[[ DATA open ]]

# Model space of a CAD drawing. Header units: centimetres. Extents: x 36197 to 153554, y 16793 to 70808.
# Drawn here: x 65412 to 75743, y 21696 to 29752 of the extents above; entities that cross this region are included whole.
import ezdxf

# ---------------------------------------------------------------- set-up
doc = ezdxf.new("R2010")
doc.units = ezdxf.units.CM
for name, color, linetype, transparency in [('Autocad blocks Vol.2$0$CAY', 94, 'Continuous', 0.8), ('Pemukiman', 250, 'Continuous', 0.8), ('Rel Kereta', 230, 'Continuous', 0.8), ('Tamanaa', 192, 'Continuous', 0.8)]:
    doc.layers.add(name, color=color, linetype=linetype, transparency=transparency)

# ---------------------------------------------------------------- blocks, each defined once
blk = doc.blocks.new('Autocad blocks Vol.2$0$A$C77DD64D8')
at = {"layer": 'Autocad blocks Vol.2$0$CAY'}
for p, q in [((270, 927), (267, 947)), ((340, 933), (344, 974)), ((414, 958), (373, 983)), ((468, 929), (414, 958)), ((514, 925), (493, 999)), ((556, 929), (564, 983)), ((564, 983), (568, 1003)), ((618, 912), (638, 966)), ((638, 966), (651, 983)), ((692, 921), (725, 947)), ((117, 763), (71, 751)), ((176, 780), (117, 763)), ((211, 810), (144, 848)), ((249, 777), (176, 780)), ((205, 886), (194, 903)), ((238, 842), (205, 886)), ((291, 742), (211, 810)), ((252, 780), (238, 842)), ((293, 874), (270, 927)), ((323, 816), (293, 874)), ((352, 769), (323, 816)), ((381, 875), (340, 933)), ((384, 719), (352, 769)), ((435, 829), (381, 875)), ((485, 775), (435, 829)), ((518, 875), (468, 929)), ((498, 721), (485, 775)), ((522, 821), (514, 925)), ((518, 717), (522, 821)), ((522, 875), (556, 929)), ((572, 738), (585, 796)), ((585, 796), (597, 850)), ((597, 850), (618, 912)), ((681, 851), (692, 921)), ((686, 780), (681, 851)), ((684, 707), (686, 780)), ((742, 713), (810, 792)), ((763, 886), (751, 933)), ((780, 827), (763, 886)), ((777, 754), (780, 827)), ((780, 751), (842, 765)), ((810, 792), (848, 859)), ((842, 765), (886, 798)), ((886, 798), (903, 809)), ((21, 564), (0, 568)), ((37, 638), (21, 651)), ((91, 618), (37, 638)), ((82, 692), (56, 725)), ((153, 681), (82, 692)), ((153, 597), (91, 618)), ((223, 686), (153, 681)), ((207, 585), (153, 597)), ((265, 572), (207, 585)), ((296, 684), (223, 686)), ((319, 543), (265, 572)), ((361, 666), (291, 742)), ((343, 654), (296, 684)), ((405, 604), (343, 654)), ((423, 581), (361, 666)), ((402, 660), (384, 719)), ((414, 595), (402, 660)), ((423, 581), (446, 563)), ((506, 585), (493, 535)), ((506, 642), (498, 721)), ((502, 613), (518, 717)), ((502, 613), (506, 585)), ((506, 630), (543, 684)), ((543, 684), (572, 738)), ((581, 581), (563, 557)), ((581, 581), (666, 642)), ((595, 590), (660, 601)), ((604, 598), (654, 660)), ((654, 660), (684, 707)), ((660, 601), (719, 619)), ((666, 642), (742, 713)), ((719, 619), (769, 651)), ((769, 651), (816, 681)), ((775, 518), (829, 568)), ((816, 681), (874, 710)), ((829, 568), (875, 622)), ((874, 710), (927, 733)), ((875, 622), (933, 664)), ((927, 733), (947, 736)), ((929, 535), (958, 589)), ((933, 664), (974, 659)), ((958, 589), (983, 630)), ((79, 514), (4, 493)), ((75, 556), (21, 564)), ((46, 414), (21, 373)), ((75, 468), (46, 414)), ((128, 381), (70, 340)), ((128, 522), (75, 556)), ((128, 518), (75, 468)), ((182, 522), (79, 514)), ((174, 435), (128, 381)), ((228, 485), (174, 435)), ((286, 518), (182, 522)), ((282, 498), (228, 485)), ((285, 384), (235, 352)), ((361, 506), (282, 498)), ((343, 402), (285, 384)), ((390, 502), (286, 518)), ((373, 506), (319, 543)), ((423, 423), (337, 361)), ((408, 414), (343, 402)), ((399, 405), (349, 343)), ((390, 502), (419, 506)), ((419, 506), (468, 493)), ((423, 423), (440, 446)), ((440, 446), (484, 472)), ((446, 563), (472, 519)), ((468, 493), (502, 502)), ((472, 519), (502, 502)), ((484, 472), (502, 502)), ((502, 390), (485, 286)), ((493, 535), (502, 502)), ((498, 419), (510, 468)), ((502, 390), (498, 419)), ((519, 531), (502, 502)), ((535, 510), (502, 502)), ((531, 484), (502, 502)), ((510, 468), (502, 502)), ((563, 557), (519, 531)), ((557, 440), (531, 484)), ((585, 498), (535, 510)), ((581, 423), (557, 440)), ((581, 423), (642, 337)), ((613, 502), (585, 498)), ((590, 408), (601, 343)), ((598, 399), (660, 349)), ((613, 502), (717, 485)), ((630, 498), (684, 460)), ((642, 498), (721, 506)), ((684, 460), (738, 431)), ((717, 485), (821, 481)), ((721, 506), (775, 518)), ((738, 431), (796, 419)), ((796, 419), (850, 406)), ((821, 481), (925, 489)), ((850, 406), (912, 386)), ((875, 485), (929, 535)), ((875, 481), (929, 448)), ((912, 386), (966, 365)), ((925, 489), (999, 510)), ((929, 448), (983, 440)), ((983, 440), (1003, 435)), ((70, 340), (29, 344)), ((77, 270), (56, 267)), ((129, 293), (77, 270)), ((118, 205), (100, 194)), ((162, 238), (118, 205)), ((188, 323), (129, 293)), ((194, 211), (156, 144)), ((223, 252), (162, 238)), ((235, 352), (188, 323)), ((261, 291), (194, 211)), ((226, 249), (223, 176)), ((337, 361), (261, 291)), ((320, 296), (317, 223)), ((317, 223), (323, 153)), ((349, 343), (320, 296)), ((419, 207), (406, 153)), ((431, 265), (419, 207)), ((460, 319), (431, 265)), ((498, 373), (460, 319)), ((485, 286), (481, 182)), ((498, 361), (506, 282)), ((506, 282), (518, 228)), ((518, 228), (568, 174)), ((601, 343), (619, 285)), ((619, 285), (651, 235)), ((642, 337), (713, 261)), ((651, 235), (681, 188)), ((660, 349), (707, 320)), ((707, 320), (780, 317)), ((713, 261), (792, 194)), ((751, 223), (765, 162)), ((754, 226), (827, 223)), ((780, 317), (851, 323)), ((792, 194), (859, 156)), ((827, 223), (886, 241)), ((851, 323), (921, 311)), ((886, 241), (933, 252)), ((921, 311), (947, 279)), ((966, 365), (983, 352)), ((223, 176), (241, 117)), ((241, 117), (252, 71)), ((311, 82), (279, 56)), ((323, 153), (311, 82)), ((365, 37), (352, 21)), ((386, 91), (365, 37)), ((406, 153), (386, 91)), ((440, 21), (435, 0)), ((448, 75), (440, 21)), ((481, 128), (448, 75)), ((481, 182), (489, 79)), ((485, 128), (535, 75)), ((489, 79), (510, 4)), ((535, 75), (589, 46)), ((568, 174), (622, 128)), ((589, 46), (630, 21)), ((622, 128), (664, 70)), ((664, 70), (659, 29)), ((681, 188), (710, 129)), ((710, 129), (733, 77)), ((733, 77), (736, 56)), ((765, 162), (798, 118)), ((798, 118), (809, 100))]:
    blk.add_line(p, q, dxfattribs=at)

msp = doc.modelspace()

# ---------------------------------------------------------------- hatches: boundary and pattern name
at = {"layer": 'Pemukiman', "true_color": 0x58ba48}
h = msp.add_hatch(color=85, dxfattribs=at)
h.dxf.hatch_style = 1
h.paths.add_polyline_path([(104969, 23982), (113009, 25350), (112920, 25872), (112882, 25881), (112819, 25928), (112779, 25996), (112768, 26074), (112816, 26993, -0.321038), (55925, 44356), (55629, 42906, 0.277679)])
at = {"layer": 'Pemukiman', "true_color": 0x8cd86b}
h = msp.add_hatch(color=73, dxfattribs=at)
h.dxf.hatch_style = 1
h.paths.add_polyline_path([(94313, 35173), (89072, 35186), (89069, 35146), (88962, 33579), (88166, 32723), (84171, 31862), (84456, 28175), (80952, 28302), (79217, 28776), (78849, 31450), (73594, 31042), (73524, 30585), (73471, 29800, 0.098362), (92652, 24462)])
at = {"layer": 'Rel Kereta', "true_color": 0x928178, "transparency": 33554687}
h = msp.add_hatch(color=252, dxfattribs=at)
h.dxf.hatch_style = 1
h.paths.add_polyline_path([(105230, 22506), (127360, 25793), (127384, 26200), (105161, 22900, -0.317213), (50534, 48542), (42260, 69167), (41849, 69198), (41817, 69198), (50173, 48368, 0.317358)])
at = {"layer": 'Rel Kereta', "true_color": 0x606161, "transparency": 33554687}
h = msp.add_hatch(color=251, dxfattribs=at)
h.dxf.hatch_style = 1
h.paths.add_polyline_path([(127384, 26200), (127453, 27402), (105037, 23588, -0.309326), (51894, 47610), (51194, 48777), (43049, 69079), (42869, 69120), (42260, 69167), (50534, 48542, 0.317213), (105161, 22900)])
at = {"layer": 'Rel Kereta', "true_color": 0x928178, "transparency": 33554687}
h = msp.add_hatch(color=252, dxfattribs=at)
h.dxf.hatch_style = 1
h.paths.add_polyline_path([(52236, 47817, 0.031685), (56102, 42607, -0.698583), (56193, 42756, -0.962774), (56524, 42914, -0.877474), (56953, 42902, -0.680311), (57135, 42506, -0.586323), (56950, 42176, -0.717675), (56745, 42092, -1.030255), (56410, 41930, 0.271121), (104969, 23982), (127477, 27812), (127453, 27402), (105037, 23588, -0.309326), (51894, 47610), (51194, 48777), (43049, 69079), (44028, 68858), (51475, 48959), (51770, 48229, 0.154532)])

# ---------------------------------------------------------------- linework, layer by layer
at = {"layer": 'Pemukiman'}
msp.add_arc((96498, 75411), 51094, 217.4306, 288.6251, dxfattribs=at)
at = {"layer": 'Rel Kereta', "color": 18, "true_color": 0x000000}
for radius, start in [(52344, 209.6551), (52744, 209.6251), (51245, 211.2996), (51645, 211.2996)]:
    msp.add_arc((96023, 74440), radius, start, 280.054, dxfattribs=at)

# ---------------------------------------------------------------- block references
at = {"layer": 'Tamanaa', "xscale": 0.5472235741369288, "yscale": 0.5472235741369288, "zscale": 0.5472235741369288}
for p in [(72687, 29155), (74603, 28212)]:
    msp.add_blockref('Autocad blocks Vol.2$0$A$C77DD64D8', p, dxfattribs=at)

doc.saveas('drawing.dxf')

[[ DATA closed ]]

■ REQUIRED ACTION: Find the lines in the records that contain the word "Autocad", then copy every one of them.

■ RESPONSE TO THIS TASK:
for name, color, linetype, transparency in [('Autocad blocks Vol.2$0$CAY', 94, 'Continuous', 0.8), ('Pemukiman', 250, 'Continuous', 0.8), ('Rel Kereta', 230, 'Continuous', 0.8), ('Tamanaa', 192, 'Continuous', 0.8)]:
blk = doc.blocks.new('Autocad blocks Vol.2$0$A$C77DD64D8')
at = {"layer": 'Autocad blocks Vol.2$0$CAY'}
    msp.add_blockref('Autocad blocks Vol.2$0$A$C77DD64D8', p, dxfattribs=at)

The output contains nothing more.